第07章 .江何這人有問題,說不清是太豁達還是太別扭
第07章 .江何這人有問題,說不清是太豁達還是太別扭
從長岚回東城,要經過一段不短的鄉道,路窄,沒燈,不好走。
江何偏偏像開高速似的,猛踩油門,鐘牧原沒來得及關車窗,幾次險些被路邊的雜草亂枝刮到臉。
鐘牧原只是修養好,不是沒脾氣的爛好人。
他把車窗關上,語氣平靜而嚴肅:“如果不方便的話,在路邊把我放下吧。謝謝。”
汽車急剎,輪胎在地面上發出刺耳的長鳴。
江何把車停在路邊,右輪再近兩公分就要栽進田埂裏。扭頭看鐘牧原,還是高中時那副裝模作樣的衣冠楚楚,他不屑冷笑:“然後你去住孟杳家?再跟她裝兩句可憐?”
“鐘牧原,你不是挺清高的麽,這種爛招也用?”
鐘牧原不說話。他沒有必要跟江何交代他打算如何和孟杳相處。
江何最看不慣他這副假鎮定假沉穩的腔調。
他不管什麽狗屁教養,也不在乎話說得好不好聽。
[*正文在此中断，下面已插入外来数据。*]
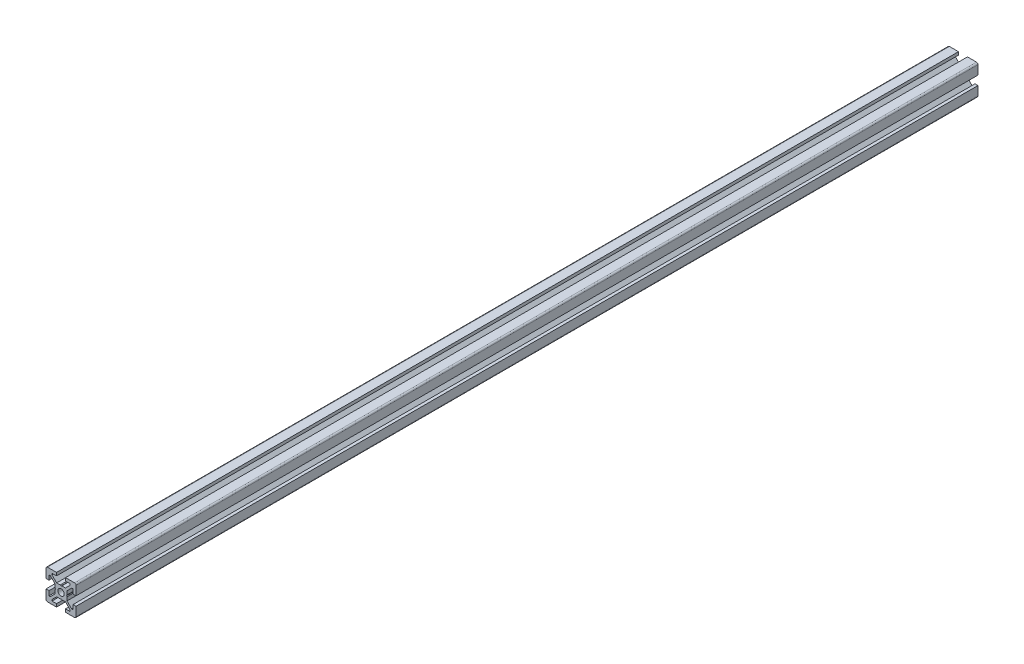
SolidWorks part; units mm, degrees
ref_plane "Front Plane" through (0, 0, 0) normal (0, 0, 1) x (1, 0, 0)
ref_plane "Top Plane" through (0, 0, 0) normal (0, 1, 0) x (1, 0, 0)
ref_plane "Right Plane" through (0, 0, 0) normal (1, 0, 0) x (0, 0, -1)
ref_plane "Plane1" through (0, 0, -500) normal (0, 0, -1) x (-1, 0, 0)
sketch "Sketch1" plane through (0, 0, -500) normal (0, 0, -1) x (-1, 0, 0)
  line L0 (9, 10) -> (3, 10)
  line L1 (3, 10) -> (3, 8)
  line L2 (3, 8) -> (6, 8)
  line L3 (6, 8) -> (6, 7.0607)
  line L4 (6, 7.0607) -> (2.9393, 4)
  line L5 (2.9393, 4) -> (0.5196, 4)
  line L6 (0.5196, 4) -> (0, 3.7)
  line L7 (0, 3.7) -> (-0.5196, 4)
  line L8 (-0.5196, 4) -> (-2.9393, 4)
  line L9 (-2.9393, 4) -> (-6, 7.0607)
  line L10 (-6, 7.0607) -> (-6, 8)
  line L11 (-6, 8) -> (-3, 8)
  line L12 (-3, 8) -> (-3, 10)
  line L13 (-3, 10) -> (-9, 10)
  line L14 (-10, 9) -> (-10, 3)
  line L15 (-10, 3) -> (-8, 3)
  line L16 (-8, 3) -> (-8, 6)
  line L17 (-8, 6) -> (-7.0607, 6)
  line L18 (-7.0607, 6) -> (-4, 2.9393)
  line L19 (-4, 2.9393) -> (-4, 0.5196)
  line L20 (-4, 0.5196) -> (-3.7, 0)
  line L21 (-3.7, 0) -> (-4, -0.5196)
  line L22 (-4, -0.5196) -> (-4, -2.9393)
  line L23 (-4, -2.9393) -> (-7.0607, -6)
  line L24 (-7.0607, -6) -> (-8, -6)
  line L25 (-8, -6) -> (-8, -3)
  line L26 (-8, -3) -> (-10, -3)
  line L27 (-10, -3) -> (-10, -9)
  line L28 (-9, -10) -> (-3, -10)
  line L29 (-3, -10) -> (-3, -8)
  line L30 (-3, -8) -> (-6, -8)
  line L31 (-6, -8) -> (-6, -7.0607)
  line L32 (-6, -7.0607) -> (-2.9393, -4)
  line L33 (-2.9393, -4) -> (-0.5196, -4)
  line L34 (-0.5196, -4) -> (0, -3.7)
  line L35 (0, -3.7) -> (0.5196, -4)
  line L36 (0.5196, -4) -> (2.9393, -4)
  line L37 (2.9393, -4) -> (6, -7.0607)
  line L38 (6, -7.0607) -> (6, -8)
  line L39 (6, -8) -> (3, -8)
  line L40 (3, -8) -> (3, -10)
  line L41 (3, -10) -> (9, -10)
  line L42 (10, -9) -> (10, -3)
  line L43 (10, -3) -> (8, -3)
  line L44 (8, -3) -> (8, -6)
  line L45 (8, -6) -> (7.0607, -6)
  line L46 (7.0607, -6) -> (4, -2.9393)
  line L47 (4, -2.9393) -> (4, -0.5196)
  line L48 (4, -0.5196) -> (3.7, 0)
  line L49 (3.7, 0) -> (4, 0.5196)
  line L50 (4, 0.5196) -> (4, 2.9393)
  line L51 (4, 2.9393) -> (7.0607, 6)
  line L52 (7.0607, 6) -> (8, 6)
  line L53 (8, 6) -> (8, 3)
  line L54 (8, 3) -> (10, 3)
  line L55 (10, 3) -> (10, 9)
  circle A0 centre (0, 0) radius 2.1
  arc A1 (10, 9) -> (9, 10) centre (9, 9) ccw
  arc A2 (-9, 10) -> (-10, 9) centre (-9, 9) ccw
  arc A3 (-10, -9) -> (-9, -10) centre (-9, -9) ccw
  arc A4 (9, -10) -> (10, -9) centre (9, -9) ccw
extrude "Boss-Extrude1" add sketch "Sketch1" against normal blind 600

千金難買他樂意,他犯得着跟鐘牧原在這人模狗樣地打啞謎?
反正現在孟杳不在,江何說話一點兒也不遮掩。
“孟杳喜歡過你,但她現在不喜歡了。”
“你自己不是個東西,傷了別人的心也辜負了自己,現在就不要回來給人添堵,自己找個地方後悔去。”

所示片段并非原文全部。